The authors should search the literature again and consider adding any necessary references.

#3. Pleomorphic liposarcoma and myxoid pleomorphic liposarcoma are similar in name but are independent tumor entities and should be discussed in separate sections.

 

Comments on the Quality of English Language

English is acceptable.

Author Response

We thank the reviewer to the comments and provide below point-by-point response to them.

#1. BI907828 is now given the name brigimadlin (https://pubmed.ncbi.nlm.nih.gov/37269344/). That name should at least be appended
We added this information and the neccessary reference in the Table 2,
hightlighted in yellow, and well as in reference list, highlighted in yellow.

#2. I feel that several important papers are not included.
- Integrated exome and RNA sequencing of dedifferentiated liposarcoma
(https://pubmed.ncbi.nlm.nih.gov/31831742/)
We added the neccessary information and reference on lines 138-139 and
in reference list, all highlighted in yellow.

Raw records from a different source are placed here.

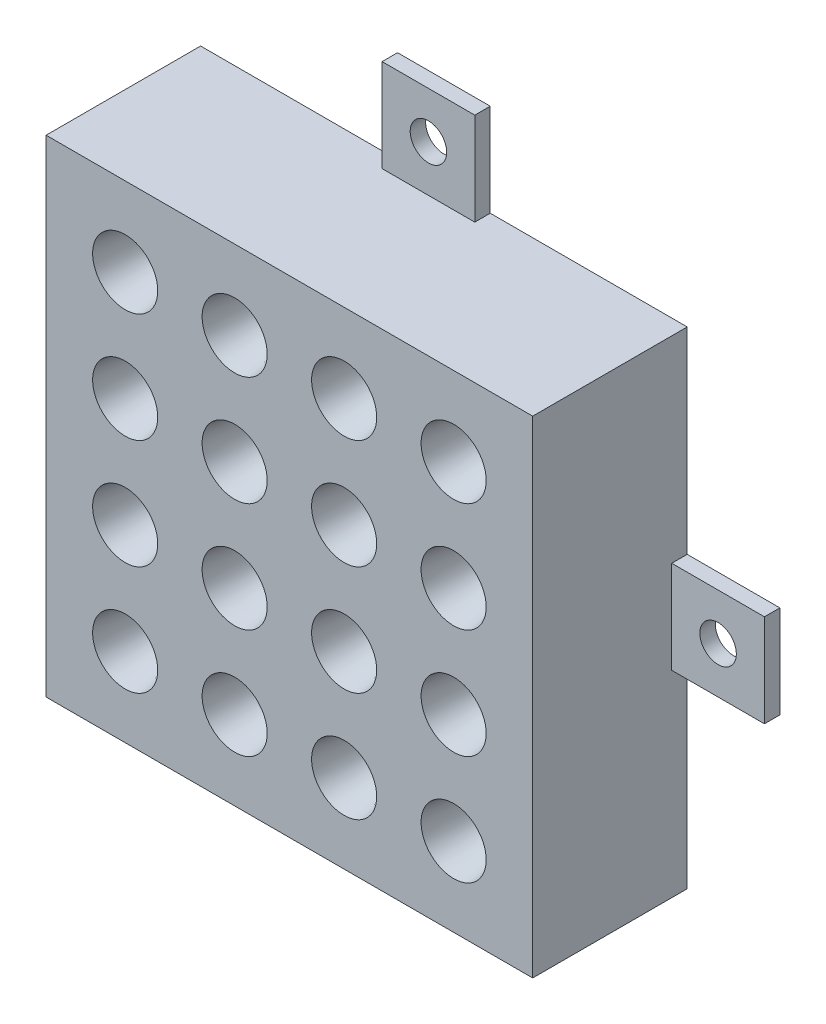
from build123d import *

# Parameters (mm, degrees)
SKETCH1_W                     = 40
SKETCH1_H                     = 40
BOSS_EXTRUDE1_DEPTH           = 12.7
SKETCH2_R                     = 2.67558437
CUT_EXTRUDE1_DEPTH            = 11.176
CUT_EXTRUDE1_DRAFT            = -8.75
CUT_EXTRUDE1_PROFILE_2_DEPTH  = 11.176
CUT_EXTRUDE1_PROFILE_2_DRAFT  = -8.75
CUT_EXTRUDE1_PROFILE_3_DEPTH  = 11.176
CUT_EXTRUDE1_PROFILE_3_DRAFT  = -8.75
CUT_EXTRUDE1_PROFILE_4_DEPTH  = 11.176
CUT_EXTRUDE1_PROFILE_4_DRAFT  = -8.75
CUT_EXTRUDE1_PROFILE_5_DEPTH  = 11.176
CUT_EXTRUDE1_PROFILE_5_DRAFT  = -8.75
CUT_EXTRUDE1_PROFILE_6_DEPTH  = 11.176
CUT_EXTRUDE1_PROFILE_6_DRAFT  = -8.75
CUT_EXTRUDE1_PROFILE_7_DEPTH  = 11.176
CUT_EXTRUDE1_PROFILE_7_DRAFT  = -8.75
CUT_EXTRUDE1_PROFILE_8_DEPTH  = 11.176
CUT_EXTRUDE1_PROFILE_8_DRAFT  = -8.75
CUT_EXTRUDE1_PROFILE_9_DEPTH  = 11.176
CUT_EXTRUDE1_PROFILE_9_DRAFT  = -8.75
CUT_EXTRUDE1_PROFILE_10_DEPTH = 11.176
CUT_EXTRUDE1_PROFILE_10_DRAFT = -8.75
CUT_EXTRUDE1_PROFILE_11_DEPTH = 11.176
CUT_EXTRUDE1_PROFILE_11_DRAFT = -8.75
CUT_EXTRUDE1_PROFILE_12_DEPTH = 11.176
CUT_EXTRUDE1_PROFILE_12_DRAFT = -8.75
CUT_EXTRUDE1_PROFILE_13_DEPTH = 11.176
CUT_EXTRUDE1_PROFILE_13_DRAFT = -8.75
CUT_EXTRUDE1_PROFILE_14_DEPTH = 11.176
CUT_EXTRUDE1_PROFILE_14_DRAFT = -8.75
CUT_EXTRUDE1_PROFILE_15_DEPTH = 11.176
CUT_EXTRUDE1_PROFILE_15_DRAFT = -8.75
CUT_EXTRUDE1_PROFILE_16_DEPTH = 11.176
CUT_EXTRUDE1_PROFILE_16_DRAFT = -8.75
SKETCH3_W                     = 7.62
SKETCH3_H                     = 1.27
BOSS_EXTRUDE2_DEPTH           = 7.62
SKETCH4_W                     = 1.27
SKETCH4_H                     = 7.62
BOSS_EXTRUDE3_DEPTH           = 7.62
SKETCH5_W                     = 1.27
SKETCH5_H                     = 7.62
BOSS_EXTRUDE4_DEPTH           = 7.62
SKETCH6_W                     = 7.62
SKETCH6_H                     = 1.27
BOSS_EXTRUDE5_DEPTH           = 7.62
SKETCH7_R                     = 1.5
M3_DIAMETER_HOLES_DEPTH       = 7.62
SKETCH8_R                     = 0.4572
SKETCH8_R_2                   = 0.02667
CUT_EXTRUDE3_DEPTH            = 2


with BuildPart() as part:
    # Sketch1 → Boss-Extrude1 (new body)
    with BuildSketch(Plane.XY):
        with Locations((-32.473746891, -5.437780853)):
            Rectangle(SKETCH1_W, SKETCH1_H)
    extrude(amount=BOSS_EXTRUDE1_DEPTH)


with BuildPart() as cut_extrude1_tool:
    # Sketch2 → Cut-Extrude1 (with draft: the straight prism first)
    with BuildSketch(Plane.XY.offset(12.7)):
        with Locations((-45.973746891, 8.062219147)):
            Circle(SKETCH2_R)
    extrude(amount=-CUT_EXTRUDE1_DEPTH)
    # Cut-Extrude1: the draft: its side faces are tilted about the plane it starts from
    cut_extrude1_sides = [cut_extrude1_tool.faces().sort_by_distance(p)[0] for p in [
        (-48.649331261, 8.062219147, 7.112),
    ]]
    draft(cut_extrude1_sides, Plane.XY.offset(12.7), CUT_EXTRUDE1_DRAFT)


with BuildPart() as part_1:
    add(part.part)

    # Cut-Extrude1: cut by cut_extrude1_tool
    add(cut_extrude1_tool.part, mode=Mode.SUBTRACT)


with BuildPart() as cut_extrude1_profile_2_tool:
    # Sketch2 → Cut-Extrude1 profile 2 (with draft: the straight prism first)
    with BuildSketch(Plane.XY.offset(12.7)):
        with Locations((-36.973746891, 8.062219147)):
            Circle(SKETCH2_R)
    extrude(amount=-CUT_EXTRUDE1_PROFILE_2_DEPTH)
    # Cut-Extrude1 profile 2: the draft: its side faces are tilted about the plane it starts from
    cut_extrude1_profile_2_sides = [cut_extrude1_profile_2_tool.faces().sort_by_distance(p)[0] for p in [
        (-39.649331261, 8.062219147, 7.112),
    ]]
    draft(cut_extrude1_profile_2_sides, Plane.XY.offset(12.7), CUT_EXTRUDE1_PROFILE_2_DRAFT)


with BuildPart() as part_2:
    add(part_1.part)

    # Cut-Extrude1 profile 2: cut by cut_extrude1_profile_2_tool
    add(cut_extrude1_profile_2_tool.part, mode=Mode.SUBTRACT)


with BuildPart() as cut_extrude1_profile_3_tool:
    # Sketch2 → Cut-Extrude1 profile 3 (with draft: the straight prism first)
    with BuildSketch(Plane.XY.offset(12.7)):
        with Locations((-27.973746891, 8.062219147)):
            Circle(SKETCH2_R)
    extrude(amount=-CUT_EXTRUDE1_PROFILE_3_DEPTH)
    # Cut-Extrude1 profile 3: the draft: its side faces are tilted about the plane it starts from
    cut_extrude1_profile_3_sides = [cut_extrude1_profile_3_tool.faces().sort_by_distance(p)[0] for p in [
        (-30.649331261, 8.062219147, 7.112),
    ]]
    draft(cut_extrude1_profile_3_sides, Plane.XY.offset(12.7), CUT_EXTRUDE1_PROFILE_3_DRAFT)


with BuildPart() as part_3:
    add(part_2.part)

    # Cut-Extrude1 profile 3: cut by cut_extrude1_profile_3_tool
    add(cut_extrude1_profile_3_tool.part, mode=Mode.SUBTRACT)


with BuildPart() as cut_extrude1_profile_4_tool:
    # Sketch2 → Cut-Extrude1 profile 4 (with draft: the straight prism first)
    with BuildSketch(Plane.XY.offset(12.7)):
        with Locations((-18.973746891, 8.062219147)):
            Circle(SKETCH2_R)
    extrude(amount=-CUT_EXTRUDE1_PROFILE_4_DEPTH)
    # Cut-Extrude1 profile 4: the draft: its side faces are tilted about the plane it starts from
    cut_extrude1_profile_4_sides = [cut_extrude1_profile_4_tool.faces().sort_by_distance(p)[0] for p in [
        (-21.649331261, 8.062219147, 7.112),
    ]]
    draft(cut_extrude1_profile_4_sides, Plane.XY.offset(12.7), CUT_EXTRUDE1_PROFILE_4_DRAFT)


with BuildPart() as part_4:
    add(part_3.part)

    # Cut-Extrude1 profile 4: cut by cut_extrude1_profile_4_tool
    add(cut_extrude1_profile_4_tool.part, mode=Mode.SUBTRACT)


with BuildPart() as cut_extrude1_profile_5_tool:
    # Sketch2 → Cut-Extrude1 profile 5 (with draft: the straight prism first)
    with BuildSketch(Plane.XY.offset(12.7)):
        with Locations((-45.973746891, -0.937780853)):
            Circle(SKETCH2_R)
    extrude(amount=-CUT_EXTRUDE1_PROFILE_5_DEPTH)
    # Cut-Extrude1 profile 5: the draft: its side faces are tilted about the plane it starts from
    cut_extrude1_profile_5_sides = [cut_extrude1_profile_5_tool.faces().sort_by_distance(p)[0] for p in [
        (-48.649331261, -0.937780853, 7.112),
    ]]
    draft(cut_extrude1_profile_5_sides, Plane.XY.offset(12.7), CUT_EXTRUDE1_PROFILE_5_DRAFT)


with BuildPart() as part_5:
    add(part_4.part)

    # Cut-Extrude1 profile 5: cut by cut_extrude1_profile_5_tool
    add(cut_extrude1_profile_5_tool.part, mode=Mode.SUBTRACT)


with BuildPart() as cut_extrude1_profile_6_tool:
    # Sketch2 → Cut-Extrude1 profile 6 (with draft: the straight prism first)
    with BuildSketch(Plane.XY.offset(12.7)):
        with Locations((-36.973746891, -0.937780853)):
            Circle(SKETCH2_R)
    extrude(amount=-CUT_EXTRUDE1_PROFILE_6_DEPTH)
    # Cut-Extrude1 profile 6: the draft: its side faces are tilted about the plane it starts from
    cut_extrude1_profile_6_sides = [cut_extrude1_profile_6_tool.faces().sort_by_distance(p)[0] for p in [
        (-39.649331261, -0.937780853, 7.112),
    ]]
    draft(cut_extrude1_profile_6_sides, Plane.XY.offset(12.7), CUT_EXTRUDE1_PROFILE_6_DRAFT)


with BuildPart() as part_6:
    add(part_5.part)

    # Cut-Extrude1 profile 6: cut by cut_extrude1_profile_6_tool
    add(cut_extrude1_profile_6_tool.part, mode=Mode.SUBTRACT)


with BuildPart() as cut_extrude1_profile_7_tool:
    # Sketch2 → Cut-Extrude1 profile 7 (with draft: the straight prism first)
    with BuildSketch(Plane.XY.offset(12.7)):
        with Locations((-27.973746891, -0.937780853)):
            Circle(SKETCH2_R)
    extrude(amount=-CUT_EXTRUDE1_PROFILE_7_DEPTH)
    # Cut-Extrude1 profile 7: the draft: its side faces are tilted about the plane it starts from
    cut_extrude1_profile_7_sides = [cut_extrude1_profile_7_tool.faces().sort_by_distance(p)[0] for p in [
        (-30.649331261, -0.937780853, 7.112),
    ]]
    draft(cut_extrude1_profile_7_sides, Plane.XY.offset(12.7), CUT_EXTRUDE1_PROFILE_7_DRAFT)


with BuildPart() as part_7:
    add(part_6.part)

    # Cut-Extrude1 profile 7: cut by cut_extrude1_profile_7_tool
    add(cut_extrude1_profile_7_tool.part, mode=Mode.SUBTRACT)


with BuildPart() as cut_extrude1_profile_8_tool:
    # Sketch2 → Cut-Extrude1 profile 8 (with draft: the straight prism first)
    with BuildSketch(Plane.XY.offset(12.7)):
        with Locations((-18.973746891, -0.937780853)):
            Circle(SKETCH2_R)
    extrude(amount=-CUT_EXTRUDE1_PROFILE_8_DEPTH)
    # Cut-Extrude1 profile 8: the draft: its side faces are tilted about the plane it starts from
    cut_extrude1_profile_8_sides = [cut_extrude1_profile_8_tool.faces().sort_by_distance(p)[0] for p in [
        (-21.649331261, -0.937780853, 7.112),
    ]]
    draft(cut_extrude1_profile_8_sides, Plane.XY.offset(12.7), CUT_EXTRUDE1_PROFILE_8_DRAFT)


with BuildPart() as part_8:
    add(part_7.part)

    # Cut-Extrude1 profile 8: cut by cut_extrude1_profile_8_tool
    add(cut_extrude1_profile_8_tool.part, mode=Mode.SUBTRACT)


with BuildPart() as cut_extrude1_profile_9_tool:
    # Sketch2 → Cut-Extrude1 profile 9 (with draft: the straight prism first)
    with BuildSketch(Plane.XY.offset(12.7)):
        with Locations((-45.973746891, -9.937780853)):
            Circle(SKETCH2_R)
    extrude(amount=-CUT_EXTRUDE1_PROFILE_9_DEPTH)
    # Cut-Extrude1 profile 9: the draft: its side faces are tilted about the plane it starts from
    cut_extrude1_profile_9_sides = [cut_extrude1_profile_9_tool.faces().sort_by_distance(p)[0] for p in [
        (-48.649331261, -9.937780853, 7.112),
    ]]
    draft(cut_extrude1_profile_9_sides, Plane.XY.offset(12.7), CUT_EXTRUDE1_PROFILE_9_DRAFT)


with BuildPart() as part_9:
    add(part_8.part)

    # Cut-Extrude1 profile 9: cut by cut_extrude1_profile_9_tool
    add(cut_extrude1_profile_9_tool.part, mode=Mode.SUBTRACT)


with BuildPart() as cut_extrude1_profile_10_tool:
    # Sketch2 → Cut-Extrude1 profile 10 (with draft: the straight prism first)
    with BuildSketch(Plane.XY.offset(12.7)):
        with Locations((-36.973746891, -9.937780853)):
            Circle(SKETCH2_R)
    extrude(amount=-CUT_EXTRUDE1_PROFILE_10_DEPTH)
    # Cut-Extrude1 profile 10: the draft: its side faces are tilted about the plane it starts from
    cut_extrude1_profile_10_sides = [cut_extrude1_profile_10_tool.faces().sort_by_distance(p)[0] for p in [
        (-39.649331261, -9.937780853, 7.112),
    ]]
    draft(cut_extrude1_profile_10_sides, Plane.XY.offset(12.7), CUT_EXTRUDE1_PROFILE_10_DRAFT)


with BuildPart() as part_10:
    add(part_9.part)

    # Cut-Extrude1 profile 10: cut by cut_extrude1_profile_10_tool
    add(cut_extrude1_profile_10_tool.part, mode=Mode.SUBTRACT)


with BuildPart() as cut_extrude1_profile_11_tool:
    # Sketch2 → Cut-Extrude1 profile 11 (with draft: the straight prism first)
    with BuildSketch(Plane.XY.offset(12.7)):
        with Locations((-27.973746891, -9.937780853)):
            Circle(SKETCH2_R)
    extrude(amount=-CUT_EXTRUDE1_PROFILE_11_DEPTH)
    # Cut-Extrude1 profile 11: the draft: its side faces are tilted about the plane it starts from
    cut_extrude1_profile_11_sides = [cut_extrude1_profile_11_tool.faces().sort_by_distance(p)[0] for p in [
        (-30.649331261, -9.937780853, 7.112),
    ]]
    draft(cut_extrude1_profile_11_sides, Plane.XY.offset(12.7), CUT_EXTRUDE1_PROFILE_11_DRAFT)


with BuildPart() as part_11:
    add(part_10.part)

    # Cut-Extrude1 profile 11: cut by cut_extrude1_profile_11_tool
    add(cut_extrude1_profile_11_tool.part, mode=Mode.SUBTRACT)


with BuildPart() as cut_extrude1_profile_12_tool:
    # Sketch2 → Cut-Extrude1 profile 12 (with draft: the straight prism first)
    with BuildSketch(Plane.XY.offset(12.7)):
        with Locations((-18.973746891, -9.937780853)):
            Circle(SKETCH2_R)
    extrude(amount=-CUT_EXTRUDE1_PROFILE_12_DEPTH)
    # Cut-Extrude1 profile 12: the draft: its side faces are tilted about the plane it starts from
    cut_extrude1_profile_12_sides = [cut_extrude1_profile_12_tool.faces().sort_by_distance(p)[0] for p in [
        (-21.649331261, -9.937780853, 7.112),
    ]]
    draft(cut_extrude1_profile_12_sides, Plane.XY.offset(12.7), CUT_EXTRUDE1_PROFILE_12_DRAFT)


with BuildPart() as part_12:
    add(part_11.part)

    # Cut-Extrude1 profile 12: cut by cut_extrude1_profile_12_tool
    add(cut_extrude1_profile_12_tool.part, mode=Mode.SUBTRACT)


with BuildPart() as cut_extrude1_profile_13_tool:
    # Sketch2 → Cut-Extrude1 profile 13 (with draft: the straight prism first)
    with BuildSketch(Plane.XY.offset(12.7)):
        with Locations((-45.973746891, -18.937780853)):
            Circle(SKETCH2_R)
    extrude(amount=-CUT_EXTRUDE1_PROFILE_13_DEPTH)
    # Cut-Extrude1 profile 13: the draft: its side faces are tilted about the plane it starts from
    cut_extrude1_profile_13_sides = [cut_extrude1_profile_13_tool.faces().sort_by_distance(p)[0] for p in [
        (-48.649331261, -18.937780853, 7.112),
    ]]
    draft(cut_extrude1_profile_13_sides, Plane.XY.offset(12.7), CUT_EXTRUDE1_PROFILE_13_DRAFT)


with BuildPart() as part_13:
    add(part_12.part)

    # Cut-Extrude1 profile 13: cut by cut_extrude1_profile_13_tool
    add(cut_extrude1_profile_13_tool.part, mode=Mode.SUBTRACT)


with BuildPart() as cut_extrude1_profile_14_tool:
    # Sketch2 → Cut-Extrude1 profile 14 (with draft: the straight prism first)
    with BuildSketch(Plane.XY.offset(12.7)):
        with Locations((-36.973746891, -18.937780853)):
            Circle(SKETCH2_R)
    extrude(amount=-CUT_EXTRUDE1_PROFILE_14_DEPTH)
    # Cut-Extrude1 profile 14: the draft: its side faces are tilted about the plane it starts from
    cut_extrude1_profile_14_sides = [cut_extrude1_profile_14_tool.faces().sort_by_distance(p)[0] for p in [
        (-39.649331261, -18.937780853, 7.112),
    ]]
    draft(cut_extrude1_profile_14_sides, Plane.XY.offset(12.7), CUT_EXTRUDE1_PROFILE_14_DRAFT)


with BuildPart() as part_14:
    add(part_13.part)

    # Cut-Extrude1 profile 14: cut by cut_extrude1_profile_14_tool
    add(cut_extrude1_profile_14_tool.part, mode=Mode.SUBTRACT)


with BuildPart() as cut_extrude1_profile_15_tool:
    # Sketch2 → Cut-Extrude1 profile 15 (with draft: the straight prism first)
    with BuildSketch(Plane.XY.offset(12.7)):
        with Locations((-27.973746891, -18.937780853)):
            Circle(SKETCH2_R)
    extrude(amount=-CUT_EXTRUDE1_PROFILE_15_DEPTH)
    # Cut-Extrude1 profile 15: the draft: its side faces are tilted about the plane it starts from
    cut_extrude1_profile_15_sides = [cut_extrude1_profile_15_tool.faces().sort_by_distance(p)[0] for p in [
        (-30.649331261, -18.937780853, 7.112),
    ]]
    draft(cut_extrude1_profile_15_sides, Plane.XY.offset(12.7), CUT_EXTRUDE1_PROFILE_15_DRAFT)


with BuildPart() as part_15:
    add(part_14.part)

    # Cut-Extrude1 profile 15: cut by cut_extrude1_profile_15_tool
    add(cut_extrude1_profile_15_tool.part, mode=Mode.SUBTRACT)


with BuildPart() as cut_extrude1_profile_16_tool:
    # Sketch2 → Cut-Extrude1 profile 16 (with draft: the straight prism first)
    with BuildSketch(Plane.XY.offset(12.7)):
        with Locations((-18.973746891, -18.937780853)):
            Circle(SKETCH2_R)
    extrude(amount=-CUT_EXTRUDE1_PROFILE_16_DEPTH)
    # Cut-Extrude1 profile 16: the draft: its side faces are tilted about the plane it starts from
    cut_extrude1_profile_16_sides = [cut_extrude1_profile_16_tool.faces().sort_by_distance(p)[0] for p in [
        (-21.649331261, -18.937780853, 7.112),
    ]]
    draft(cut_extrude1_profile_16_sides, Plane.XY.offset(12.7), CUT_EXTRUDE1_PROFILE_16_DRAFT)


with BuildPart() as part_16:
    add(part_15.part)

    # Cut-Extrude1 profile 16: cut by cut_extrude1_profile_16_tool
    add(cut_extrude1_profile_16_tool.part, mode=Mode.SUBTRACT)

    # Sketch3 → Boss-Extrude2 (add)
    with BuildSketch(Plane(origin=(0, 14.562219147, 0), x_dir=(1, 0, 0), z_dir=(0, 1, 0))):
        with Locations((-32.473706891, -0.635)):
            Rectangle(SKETCH3_W, SKETCH3_H)
    extrude(amount=BOSS_EXTRUDE2_DEPTH)

    # Sketch4 → Boss-Extrude3 (add)
    with BuildSketch(Plane(origin=(-12.473746891, 0, 0), x_dir=(0, 0, -1), z_dir=(1, 0, 0))):
        with Locations((-0.635, -5.437820853)):
            Rectangle(SKETCH4_W, SKETCH4_H)
    extrude(amount=BOSS_EXTRUDE3_DEPTH)

    # Sketch5 → Boss-Extrude4 (add)
    with BuildSketch(Plane.ZY.offset(52.473746891)):
        with Locations((0.635, -5.437740853)):
            Rectangle(SKETCH5_W, SKETCH5_H)
    extrude(amount=BOSS_EXTRUDE4_DEPTH)

    # Sketch6 → Boss-Extrude5 (add)
    with BuildSketch(Plane.XZ.offset(25.437780853)):
        with Locations((-32.473786891, 0.635)):
            Rectangle(SKETCH6_W, SKETCH6_H)
    extrude(amount=BOSS_EXTRUDE5_DEPTH)

    # Sketch7 → M3 diameter holes (cut)
    with BuildSketch(Plane.XY.offset(1.27)):
        with Locations((-32.473786891, -29.247780853)):
            Circle(SKETCH7_R)
        with Locations((-56.283746891, -5.437740853)):
            Circle(SKETCH7_R)
        with Locations((-8.663746891, -5.437820853)):
            Circle(SKETCH7_R)
        with Locations((-32.473706891, 18.372219147)):
            Circle(SKETCH7_R)
    extrude(amount=-M3_DIAMETER_HOLES_DEPTH, mode=Mode.SUBTRACT)

    # Sketch15 → Ø1.0 (1) Diameter Hole1 (revolve, cut)
    with BuildSketch(Plane(origin=(-41.473746891, -25.437780853, 5), x_dir=(0, 0.2588190451025215, -0.9659258262890681), z_dir=(1, 0, 0))):
        Polygon((0, 0), (0, 5.30043031), (0.5, 5), (0.5, 0), align=None)
    revolve(axis=Axis((-41.473746891, -31.57140985, 3.356499064), (0, 0.9659258262890681, 0.2588190451025215)), mode=Mode.SUBTRACT)

    # Sketch8 → Cut-Extrude3 (cut, along a direction that is not the sketch's normal)
    with BuildSketch(Plane.XZ.offset(25.437780853)):
        with Locations((-41.473746891, 5)):
            Circle(SKETCH8_R)
        with Locations((-41.473746891, 5)):
            Circle(SKETCH8_R_2, mode=Mode.SUBTRACT)
    extrude(amount=-CUT_EXTRUDE3_DEPTH, dir=(0, -0.9659258262890681, -0.2588190451025215), mode=Mode.SUBTRACT)


with BuildPart() as cut_extrude3_piece_1:
    # of the separate pieces the step leaves, piece 1, a body of its own (cut_extrude3_pieces)
    add(part_16.part.solids().sort_by_distance((-52.473746891, 14.562219147, 0))[0])


with BuildPart() as cut_extrude3_piece_2:
    # of the separate pieces the step leaves, piece 2, a body of its own (cut_extrude3_pieces)
    add(part_16.part.solids().sort_by_distance((-41.500416891, -25.437780853, 5))[0])


solid = Compound([cut_extrude3_piece_1.part, cut_extrude3_piece_2.part])

- Myxoid pleomorphic liposarcoma: a clinicopathologic, immunohistochemical,
molecular genetic and epigenetic study of 12 cases, suggesting a possible
relationship with conventional pleomorphic liposarcoma.
(Mod Pathol. 2021 Nov;34(11):2043-2049. doi: 10.1038/s41379-021-00862-2.)
The authors should search the literature again and consider adding
any necessary references.

We added the neccessary information and reference, lines 91-92 and in the
reference list, highlighted in yellow.

#3. Pleomorphic liposarcoma and myxoid pleomorphic liposarcoma are similar
in name but are independent tumor entities and should be discussed
in separate sections.

We prefer to combine the sections with these liposarcoma subtypes as one of the
main goal of the review was to summarized specific genetic and epigenetic feature, while these subtypes are both characterized by complex karyotype and high heterogeneity.


Round 2

Reviewer 3 Report

Comments and Suggestions for Authors

The revisions mostly answered the major and minor concerns. The only thing is that the full spelling of many abbreviations of the genes is still missing—only the genes I suggested, as some examples, are added to the abbreviation list. The reviewer thinks the manuscript can be acceptable after adding such abbreviations to the list in p13.

Author Response

We updated the list of abbreviations in the end of the manuscript.